Harvard Medical School, Boston, Massachusetts; Center for Evidence-Based Imaging, Department of Radiology, Brigham and Women's Hospital, Brookline, Massachusetts.
Harvard Medical School, Boston, Massachusetts; Center for Evidence-Based Imaging, Department of Radiology, Brigham and Women's Hospital, Brookline, Massachusetts.
J Am Coll Radiol. 2019 Mar;16(3):336-343. doi: 10.1016/j.jacr.2018.10.020. Epub 2018 Dec 29.
The aims of this study were to assess follow-up recommendations in radiology reports, develop and assess traditional machine learning (TML) and deep learning (DL) models in identifying follow-up, and benchmark them against a natural language processing (NLP) system.

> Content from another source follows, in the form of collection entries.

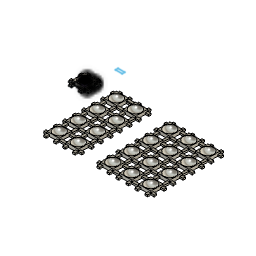
Trays (Autodesk Fusion 360 design; units mm, degrees)
Autodesk Fusion 360 part; units mm, degrees
note: some values were not read from the file. Chosen so that the rebuilt part matches the saved one: which bodies a step acts on.
sketch "Sketch1" plane through (0, 0, 0) normal (0, 0, 1) x (1, 0, 0)
  line L0 (17.5, -17.5) -> (-17.5, -17.5)
  line L1 (-17.5, -17.5) -> (-17.5, 17.5)
  line L2 (-17.5, 17.5) -> (17.5, 17.5)
  line L3 (17.5, 17.5) -> (17.5, -17.5)
  line L4 (17.5, -17.5) -> (-17.5, 17.5) construction
  line L5 (-17.5, -17.5) -> (17.5, 17.5) construction
  line L6 (18.5, -18.5) -> (-18.5, -18.5)
  line L7 (-18.5, -18.5) -> (-18.5, 18.5)
  line L8 (-18.5, 18.5) -> (18.5, 18.5)
  line L9 (18.5, 18.5) -> (18.5, -18.5)
  line L10 (18.5, -18.5) -> (-18.5, 18.5) construction
  line L11 (-18.5, -18.5) -> (18.5, 18.5) construction
  line L12 (0, -18.5) -> (0, 18.5) construction
  line L13 (18.5, 0) -> (-18.5, 0) construction
  line L14 (18.5, -18.5) -> (11, -18.5) construction
  line L15 (11, -18.5) -> (11, -28.5)
  line L16 (11, -28.5) -> (18.5, -28.5)
  line L17 (18.5, -28.5) -> (18.5, -18.5)
  line L18 (-18.5, -18.5) -> (-11, -18.5)
  line L19 (-11, -18.5) -> (-11, -28.5)
  line L20 (-11, -28.5) -> (-18.5, -28.5)
  line L21 (-18.5, -28.5) -> (-18.5, -18.5)
  line L22 (-18.5, -18.5) -> (-28.5, -18.5)
  line L23 (-28.5, -18.5) -> (-28.5, -11)
  line L24 (-28.5, -11) -> (-18.5, -11)
  line L25 (-18.5, -11) -> (-18.5, -18.5)
  line L26 (-18.5, 18.5) -> (-28.5, 18.5)
  line L27 (-28.5, 18.5) -> (-28.5, 11)
  line L28 (-28.5, 11) -> (-18.5, 11)
  line L29 (-18.5, 11) -> (-18.5, 18.5)
  line L30 (18.5, -11) -> (28.5, -11)
  line L31 (28.5, -11) -> (28.5, -18.5)
  line L32 (28.5, -18.5) -> (18.5, -18.5)
  line L33 (18.5, 11) -> (28.5, 11)
  line L34 (28.5, 11) -> (28.5, 18.5)
  line L35 (28.5, 18.5) -> (18.5, 18.5)
  line L36 (18.5, 18.5) -> (18.5, 28.5)
  line L37 (18.5, 28.5) -> (11, 28.5)
  line L38 (11, 28.5) -> (11, 18.5)
  line L39 (-11, 28.5) -> (-11, 18.5)
  line L40 (-18.5, 28.5) -> (-11, 28.5)
  line L41 (-18.5, 18.5) -> (-18.5, 28.5)
  line L42 (18.5, -18.5) -> (-18.5, 18.5) construction
  dimension "d1" = 35
  dimension "d2" = 35
  dimension "d7" = 37
  dimension "d8" = 37
  dimension "d11" = 7.5
  dimension "d12" = 10
  dimension "d13" = 7.5
  dimension "d14" = 10
  dimension "d15" = 10
  dimension "d16" = 7.5
  dimension "d17" = 10
  dimension "d18" = 7.5
  constraint horizontal L0
  constraint perpendicular L0 L1
  constraint parallel L0 L2
  constraint parallel L1 L3
  constraint coincident L4 origin
  constraint coincident L5 origin
  constraint horizontal L6
  constraint perpendicular L6 L7
  constraint parallel L6 L8
  constraint parallel L7 L9
  constraint coincident L10 origin
  constraint coincident L11 origin
  constraint midpoint L6 L12.start
  constraint midpoint L8 L12.end
  constraint midpoint L9 L13.start
  constraint midpoint L7 L13.end
  constraint horizontal L14
  constraint vertical L15
  constraint horizontal L16
  constraint vertical L17
  constraint horizontal L18
  constraint vertical L19
  constraint horizontal L20
  constraint vertical L21
  constraint horizontal L22
  constraint vertical L23
  constraint horizontal L24
  constraint vertical L25
  constraint horizontal L26
  constraint vertical L27
  constraint horizontal L28
  constraint vertical L29
  constraint symmetric L4 L6.start L9.end
  constraint symmetric L4 L6.end L8.end
  constraint symmetric L4 L7.end L8.start
  constraint symmetric L4 L14.end L30.start
  constraint symmetric L4 L15.end L30.end
  constraint symmetric L4 L16.end L31.end
  constraint symmetric L4 L18.end L33.start
  constraint symmetric L4 L19.end L33.end
  constraint symmetric L4 L20.end L34.end
  constraint symmetric L4 L22.end L36.end
  constraint symmetric L4 L23.end L37.end
  constraint symmetric L4 L24.end L38.end
  constraint symmetric L4 L26.end L40.start
  constraint symmetric L4 L27.end L39.start
  constraint symmetric L4 L28.end L39.end
  measures "d1" distance of L1.end L2.end
  measures "d2" distance of L0.end L1.end
  measures "d7" distance of L7.end L8.end
  measures "d8" distance of L6.end L7.end
  measures "d11" distance of L6.start L14.end
  measures "d12" distance of L6.start L16.end
  measures "d13" distance of L6.end L18.end
  measures "d14" distance of L6.end L20.end
  measures "d15" distance of L6.end L22.end
  measures "d16" distance of L6.end L24.end
  measures "d17" distance of L7.end L26.end
  measures "d18" distance of L7.end L28.end
extrude "Extrude1" add sketch "Sketch1" along normal blind 10 contours L0 L1 L2 L3 makes body 1
ref_plane "WorkPlane1" through (0, 0, 20.5) normal (0, 0, 1) x (1, 0, 0)
sphere "SpherePrimitive1" cut diameter 40.25 placed x (1, 0, 0) y (0, 1, 0) z (0, 0, 1) at (0, 0, 20.5) bodies 1
extrude "Extrude2" add sketch "Sketch1" along normal blind 10 separate body contours L6 L7 L8 L9 L18 L25 L29 makes body 2
combine "Combine1" operation add target body 2 tool bodies 1
extrude "Extrude3" add sketch "Sketch1" along normal blind 5 separate body contours L6 L15 L16 L17 | L9 L30 L31 L32 | L6 L18 L19 L20 L21 | L9 L33 L34 L35 | L8 L36 L37 L38 | L7 L26 L27 L28 L29 | L8 L39 L40 L41 makes body 3 at (25.1667, -16, 0) makes body 3 at (13.5, -25.1667, 0) makes body 4 at (21.8333, 16, 0) makes body 4 at (16, 25.1667, 0) makes body 5 at (-16, 21.8333, 0) makes body 5 at (-21.8333, 13.5, 0) makes body 6 at (-13.5, -25.1667, 0)
extrude "Extrude4" add sketch "Sketch1" along normal blind 5 contours L7 L22 L23 L24 L25 bodies 2 6
combine "Combine2" operation add target body 2 tool bodies 3 5 4
copy_body "CopyPasteBodies1" bodies 2 makes body 7
move_body "Move1" bodies 7 to x (1, 0, 0) y (0, 1, 0) z (0, 0, 1) at (95, 0, 0)
copy_body "CopyPasteBodies2" bodies 7 makes body 8
move_body "Move2" bodies 8 to x (1, 0, 0) y (0, 1, 0) z (0, 0, 1) at (0, -57, 0)
copy_body "CopyPasteBodies3" bodies 8 makes body 9
move_body "Move3" bodies 9 to x (1, 0, 0) y (0, 1, 0) z (0, 0, 1) at (0, -57, 0)
copy_body "CopyPasteBodies4" bodies 9 makes body 10
move_body "Move4" bodies 10 to x (1, 0, 0) y (0, 1, 0) z (0, 0, 1) at (0, -57, 0)
combine "Combine3" operation add target body 7 tool bodies 9 8 10
copy_body "CopyPasteBodies5" bodies 7 makes body 11
move_body "Move5" bodies 11 to x (1, 0, 0) y (0, 1, 0) z (0, 0, 1) at (57, 0, 0)
copy_body "CopyPasteBodies6" bodies 7 11 makes body 12 makes body 13
move_body "Move6" bodies 12 13 to x (1, 0, 0) y (0, 1, 0) z (0, 0, 1) at (160, 0, 0)
combine "Combine4" operation add target body 11 tool bodies 7
copy_body "CopyPasteBodies7" bodies 13 makes body 14
move_body "Move7" bodies 14 to x (1, 0, 0) y (0, 1, 0) z (0, 0, 1) at (57, 0, 0)
combine "Combine5" operation add target body 12 tool bodies 13 14
sketch "Sketch3" plane through (0, 0, 0) normal (0, 0, 1) x (1, 0, 0)
  line L0 (10, 90) -> (29.75, 90)
  line L1 (29.75, 90) -> (29.75, 82.5)
  line L2 (29.75, 82.5) -> (10, 82.5)
  line L3 (10, 82.5) -> (10, 90)
  dimension "d23" = 19.75
  dimension "d24" = 7.5
  constraint horizontal L0
  constraint vertical L1
  constraint horizontal L2
  constraint vertical L3
  measures "d23" distance of L0.start L0.end
  measures "d24" distance of L0.start L2.end
extrude "Extrude5" add sketch "Sketch3" along normal blind 3 separate body makes body 15
move_body "Move8" bodies 15 to x (1, 0, 0) y (0, 1, 0) z (0, 0, 1) at (103.625, -71.5, 5)
extrude "Extrude6" add 1 faces at (120.2083, 13.5, 8) along direction (0, 0, 1) blind 2 on bodies 15 bodies 15
extrude "Extrude7" cut 1 faces at (120.2083, 13.5, 10) along direction (0, 0, -1) blind 1 on bodies 15 bodies 15
extrude "Extrude8" cut 1 faces at (120.2083, 13.5, 9) along direction (0, 0, -1) blind 1 on bodies 15 bodies 15
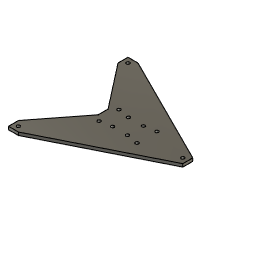
V0.1 Y Carriage (Autodesk Fusion 360 design; units mm, degrees)
Autodesk Fusion 360 part; units mm, degrees
sketch "Sketch1" plane through (0, 0, 0) normal (0, 0, 1) x (1, 0, 0)
  line L0 (60, -60) -> (-60, -60)
  line L1 (-60, -60) -> (-60, 60)
  line L2 (-60, 60) -> (60, 60)
  line L3 (60, 60) -> (60, -60)
  line L4 (60, -60) -> (-60, 60) construction
  line L5 (-60, -60) -> (60, 60) construction
  line L6 (25, 20) -> (-25, 20)
  line L7 (-25, 20) -> (-25, -20)
  line L8 (-25, -20) -> (25, -20)
  line L9 (25, -20) -> (25, 20)
  line L10 (25, 20) -> (-25, -20) construction
  line L11 (-25, 20) -> (25, -20) construction
  line L12 (60, 5) -> (-50, 60)
  line L13 (60, -5) -> (-50, -60)
  line L14 (-60, 50) -> (-25, 5)
  line L15 (-60, -50) -> (-25, -5)
  dimension "d1" = 120
  dimension "d2" = 120
  dimension "d6" = 50
  dimension "d7" = 40
  dimension "d29" = 5
  dimension "d30" = 5
  dimension "d31" = 10
  dimension "d34" = 10
  dimension "d41" = 10
  dimension "d42" = 10
  constraint horizontal L0
  constraint perpendicular L0 L1
  constraint parallel L0 L2
  constraint parallel L1 L3
  constraint coincident L4 origin
  constraint coincident L5 origin
  constraint horizontal L6
  constraint perpendicular L6 L7
  constraint parallel L6 L8
  constraint parallel L7 L9
  constraint coincident L10 origin
  constraint coincident L11 origin
  constraint coincident L3 L12.start
  constraint coincident L2 L12.end
  constraint coincident L3 L13.start
  constraint coincident L0 L13.end
  constraint coincident L1 L14.start
  constraint coincident L7 L14.end
  constraint coincident L1 L15.start
  constraint coincident L7 L15.end
  constraint horizontal L13.start L15.end
  constraint horizontal L12.start L14.end
  measures "d1" distance of L1.end L2.end
  measures "d2" distance of L0.end L1.end
  measures "d6" distance of L7.end L8.end
  measures "d7" distance of L6.end L7.end
  measures "d29" vertical distance of origin L12.start
  measures "d30" vertical distance of origin L13.start
  measures "d31" distance of L1.end L12.end
  measures "d34" distance of L0.end L13.end
  measures "d41" distance of L1.end L14.start
  measures "d42" distance of L0.end L15.start
extrude "Extrude1" add sketch "Sketch1" along normal blind 3 contours L0 L1 L2 L3 L6 L7 L8 L9 L12 L13 L14 L15 | L6 L7 L8 L9
sketch "Sketch2" plane through (0, 0, 3) normal (0, 0, 1) x (-1, 0, 0)
  line L0 (60, 50) -> (60, 60)
  line L1 (60, 60) -> (50, 60)
  line L2 (50, 60) -> (-60, 5)
  line L3 (-60, 5) -> (-60, -5)
  line L4 (-60, -5) -> (50, -60)
  line L5 (50, -60) -> (60, -60)
  line L6 (60, -60) -> (60, -50)
  line L7 (25, 5) -> (60, 50)
  line L8 (60, -50) -> (25, -5)
  line L9 (25, -5) -> (25, 5)
  point P0 (-7.5, -8)
  point P1 (19, -10)
  point P2 (7.5, -8)
  point P3 (-7.5, 8)
  point P4 (7.5, 8)
  point P5 (-19, -10)
  point P6 (19, 10)
  point P7 (-19, 10)
  point P8 (55, -55)
  point P9 (-55, 0)
  point P10 (55, 55)
  dimension "d12" = 7.5
  dimension "d13" = 8
  dimension "d14" = 19
  dimension "d15" = 10
  dimension "d18" = 15
  dimension "d19" = 16
  dimension "d22" = -38
  dimension "d23" = 20
  dimension "d47" = 5
  dimension "d48" = 5
  dimension "d49" = 5
  dimension "d50" = 5
  dimension "d51" = 5
  measures "d12" horizontal distance of origin P0
  measures "d13" vertical distance of origin P0
  measures "d14" horizontal distance of origin P1
  measures "d15" vertical distance of origin P1
  measures "d47" horizontal distance of L0.end P10
  measures "d48" vertical distance of L0.end P10
  measures "d49" horizontal distance of L5.end P8
  measures "d50" vertical distance of L5.end P8
  measures "d51" distance of L3 P9
hole "Hole1" at (-19, 10, 3) at (-7.5, 8, 3) at (7.5, 8, 3) at (19, 10, 3) at (19, -10, 3) at (7.5, -8, 3) at (-7.5, -8, 3) at (-19, -10, 3) at (-55, -55, 3) at (55, 0, 3) at (-55, 55, 3) direction (0, 0, -1) diameter 3.2 depth 30 tip angle 118
named bodies: "3_point_y_carriage"
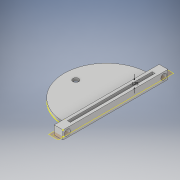
# Autodesk Inventor part: MTV Truning Connecter (10.7)
Saved by Autodesk Inventor 2018 (Build 220112000, 112)
## iProperties
Created: 2018-10-07
Part Number: MTV Truning Connecter (10.7)
Material: Generic
Document SubType Name: Modeling
Designer: Aditya Kendre
Density: 1 g/cm^3
Appearance: Default
Author: Aditya Kendre
Autodesk Inventor part; units mm, degrees
ref_plane "YZ Plane" through (0, 0, 0) normal (1, 0, 0) x (0, 1, 0)
ref_plane "XZ Plane" through (0, 0, 0) normal (0, 1, 0) x (-1, 0, 0)
ref_plane "XY Plane" through (0, 0, 0) normal (0, 0, 1) x (1, 0, 0)
sketch "Sketch1" plane through (0, 0, 0) normal (0, 1, 0) x (-1, 0, 0)
  line L0 (0, 0) -> (9.525, 0)
  line L1 (9.525, 0) -> (9.525, -114.3)
  line L2 (9.525, -114.3) -> (0, -114.3)
  line L3 (0, -114.3) -> (0, 0)
  dimension "d0" = 9.525
  dimension "d1" = 114.3
  constraints: 8 end point, 2 parallel, 1 horizontal, 1 perpendicular
  measures "d0" distance of L1.end L2.end
  measures "d1" distance of L0.end L1.end
extrude "Extrusion1" add sketch "Sketch1" along normal blind 9.525
sketch "Sketch2" plane through (0, 9.525, 0) normal (0, 1, 0) x (1, 0, 0)
  point P0 (0, 0)
sketch "Sketch3" plane through (0, 0, 0) normal (1, 0, 0) x (0, 0, -1)
  circle A0 centre (4.7752, 4.7625) radius 3.175
  circle A1 centre (109.7788, 4.7625) radius 3.175
  point P0 (0, 0)
  dimension "d4" = 6.35
  dimension "d5" = 6.35
  constraints: 2 centre point
  measures "d4" diameter of A0
  measures "d5" diameter of A1
hole "Hole1" at (0, 4.7625, -109.7788) at (0, 4.7625, -4.7752) direction (-1, 0, 0) diameter 6.35 depth 6.35
sketch "Sketch4" plane through (0, 9.525, 0) normal (0, 1, 0) x (1, 0, 0)
  line L0 (-6.35, 106.6038) -> (0, 106.6038) projected
  line L1 (-6.35, 1.6002) -> (-6.35, 7.9502) projected
  line L2 (-3.175, 106.6038) -> (-6.35, 106.6038)
  line L3 (-6.35, 106.6038) -> (-6.35, 7.9502)
  line L4 (-6.35, 7.9502) -> (-3.175, 7.9502)
  line L5 (-3.175, 7.9502) -> (-3.175, 106.6038)
  point P0 (0, 0)
  constraints: 8 end point, 2 parallel, 1 horizontal, 1 midpoint, 1 perpendicular
extrude "Extrusion2" cut sketch "Sketch4" against normal blind 12.7
sketch "Sketch5" plane through (0, 9.525, 0) normal (0, 1, 0) x (1, 0, 0)
  line L0 (-6.35, 106.6038) -> (-6.35, 7.9502) projected
  line L1 (-3.175, 7.9502) -> (-6.35, 7.9502)
  line L2 (-6.35, 7.9502) -> (-6.35, 11.1252)
  line L3 (-6.35, 11.1252) -> (-3.175, 11.1252)
  line L4 (-3.175, 11.1252) -> (-3.175, 7.9502)
  line L5 (-6.35, 106.6038) -> (-3.175, 106.6038) projected
  line L6 (-3.175, 106.6038) -> (-6.35, 106.6038)
  line L7 (-6.35, 106.6038) -> (-6.35, 103.4499)
  line L8 (-6.35, 103.4499) -> (-3.175, 103.4499)
  line L9 (-3.175, 103.4499) -> (-3.175, 106.6038)
  point P0 (0, 0)
  dimension "d15" = 3.175
  constraints: 16 end point, 4 parallel, 2 horizontal, 2 perpendicular, 2 point on line
  measures "d15" distance of L1.end L2.end
extrude "Extrusion3" add sketch "Sketch5" against normal blind 9.525
sketch "Sketch6" plane through (-9.525, 0, -114.3) normal (-1, 0, 0) x (0, 0, 1)
  point P0 (114.3, 0)
sketch "Sketch7" plane through (-9.525, 0, -114.3) normal (-1, 0, 0) x (0, 0, 1)
  line L0 (10.8501, 9.525) -> (10.8501, 0) projected
  line L1 (10.8501, 6.3627) -> (20.6362, 6.3627)
  line L2 (20.6362, 3.1877) -> (10.8501, 3.1877)
  line L3 (10.8501, 3.1877) -> (10.8501, 6.3627)
  line L4 (103.1748, 9.525) -> (103.1748, 0) projected
  line L5 (10.8501, 6.3627) -> (103.1748, 6.3627)
  line L6 (103.1748, 6.3627) -> (103.1748, 3.1877)
  line L7 (103.1748, 3.1877) -> (10.8501, 3.1877)
  line L8 (10.8501, 3.1877) -> (10.8501, 6.3627)
  point P0 (114.3, 0)
  point P1 (10.8501, 4.7625)
  dimension "d18" = 3.175
  constraints: 14 end point, 3 parallel, 2 horizontal, 2 point on line, 1 midpoint, 1 perpendicular
  measures "d18" distance of L1.end L2.start
sketch "Sketch8" plane through (-9.525, 0, -114.3) normal (-1, 0, 0) x (0, 0, 1)
  point P0 (114.3, 0)
ref_plane "Work Plane1" through (-9.525, 3.1877, -11.1252) normal (0, 1, 0) x (0, 0, -1)
sketch "Sketch9" plane through (-9.525, 3.1877, -11.1252) normal (0, 1, 0) x (0, 0, -1)
  point P0 (-11.1252, -9.525)
sketch "Sketch10" plane through (-9.525, 3.1877, -11.1252) normal (0, 1, 0) x (0, 0, -1)
  line L0 (-11.1252, 0) -> (103.1748, 0) projected
  arc A0 (92.2109, 0) -> (0.0002, 0) centre (46.1056, 0.3232) ccw
  line L1 (92.2109, 0) -> (0.0002, 0)
  line L2 (92.3247, -3.175) -> (0, -3.175) projected
  point P0 (-11.1252, -9.525)
  point P1 (-11.1252, -9.525)
  point P2 (-11.1252, -9.525)
  constraints: 2 coincident, 2 end point, 2 point on circle, 2 point on line, 1 centre point, 1 parallel
extrude "Extrusion4" add sketch "Sketch10" along normal blind 3.175
sketch "Sketch11" plane through (-9.525, 3.1877, -11.1252) normal (0, -1, 0) x (1, 0, 0)
  arc A0 (0, -0.0002) -> (0, -92.2109) centre (-0.3232, -46.1056) ccw projected
  line L0 (-46.4297, -46.1056) -> (-33.7222, -46.1056)
  point P0 (9.525, 11.1252)
  constraints: 2 end point, 1 coincident, 1 horizontal, 1 point on circle
sketch "Sketch12" plane through (-9.525, 3.1877, -11.1252) normal (0, -1, 0) x (1, 0, 0)
  point P0 (9.525, 11.1252)
sketch "Sketch13" plane through (-9.525, 3.1877, -11.1252) normal (0, -1, 0) x (1, 0, 0)
  circle A0 centre (-33.7224, -46.1055) radius 3.175
  point P0 (9.525, 11.1252)
  dimension "d22" = 6.35
  constraints: 1 centre point
  measures "d22" diameter of A0
extrude "Extrusion5" cut sketch "Sketch13" against normal blind 3.175
body "Solid1"

This HIPAA-compliant, institutional review board-approved study was performed at an academic medical center generating >500,000 radiology reports annually. One thousand randomly selected ultrasound, radiography, CT, and MRI reports generated in 2016 were manually reviewed and annotated for follow-up recommendations. TML (support vector machines, random forest, logistic regression) and DL (recurrent neural nets) algorithms were constructed and trained on 850 reports (training data), with subsequent optimization of model architectures and parameters. Precision, recall, and F1 score were calculated on the remaining 150 reports (test data). A previously developed and validated NLP system (iSCOUT) was also applied to the test data, with equivalent metrics calculated.
Follow-up recommendations were present in 12.7% of reports. The TML algorithms achieved F1 scores of 0.75 (random forest), 0.83 (logistic regression), and 0.85 (support vector machine) on the test data. DL recurrent neural nets had an F1 score of 0.71; iSCOUT also had an F1 score of 0.71. Performance of both TML and DL methods by F1 scores appeared to plateau after 500 to 700 samples while training.
TML and DL are feasible methods to identify follow-up recommendations. These methods have great potential for near real-time monitoring of follow-up recommendations in radiology reports.
本研究旨在评估放射学报告中的随访建议,开发和评估传统机器学习(TML)和深度学习(DL)模型在识别随访方面的应用,并与自然语言处理(NLP)系统进行基准比较。
本 HIPAA 合规、机构审查委员会批准的研究在一家学术医疗中心进行,该中心每年生成超过 500,000 份放射学报告。2016 年随机选择了 1000 份超声、放射线照相、CT 和 MRI 报告进行手动审查和注释,以确定随访建议。TML(支持向量机、随机森林、逻辑回归)和 DL(递归神经网络)算法在 850 份报告(训练数据)上构建和训练,随后对模型架构和参数进行了优化。在剩余的 150 份报告(测试数据)上计算了精度、召回率和 F1 分数。还将先前开发和验证的 NLP 系统(iSCOUT)应用于测试数据,并计算了等效指标。
报告中存在随访建议的比例为 12.7%。TML 算法在测试数据上的 F1 分数分别为随机森林 0.75、逻辑回归 0.83 和支持向量机 0.85。DL 递归神经网络的 F1 分数为 0.71;iSCOUT 的 F1 分数也为 0.71。通过 F1 分数评估,TML 和 DL 方法的性能似乎在训练 500 到 700 个样本后达到平台期。
TML 和 DL 是识别随访建议的可行方法。这些方法具有在放射学报告中实时监测随访建议的巨大潜力。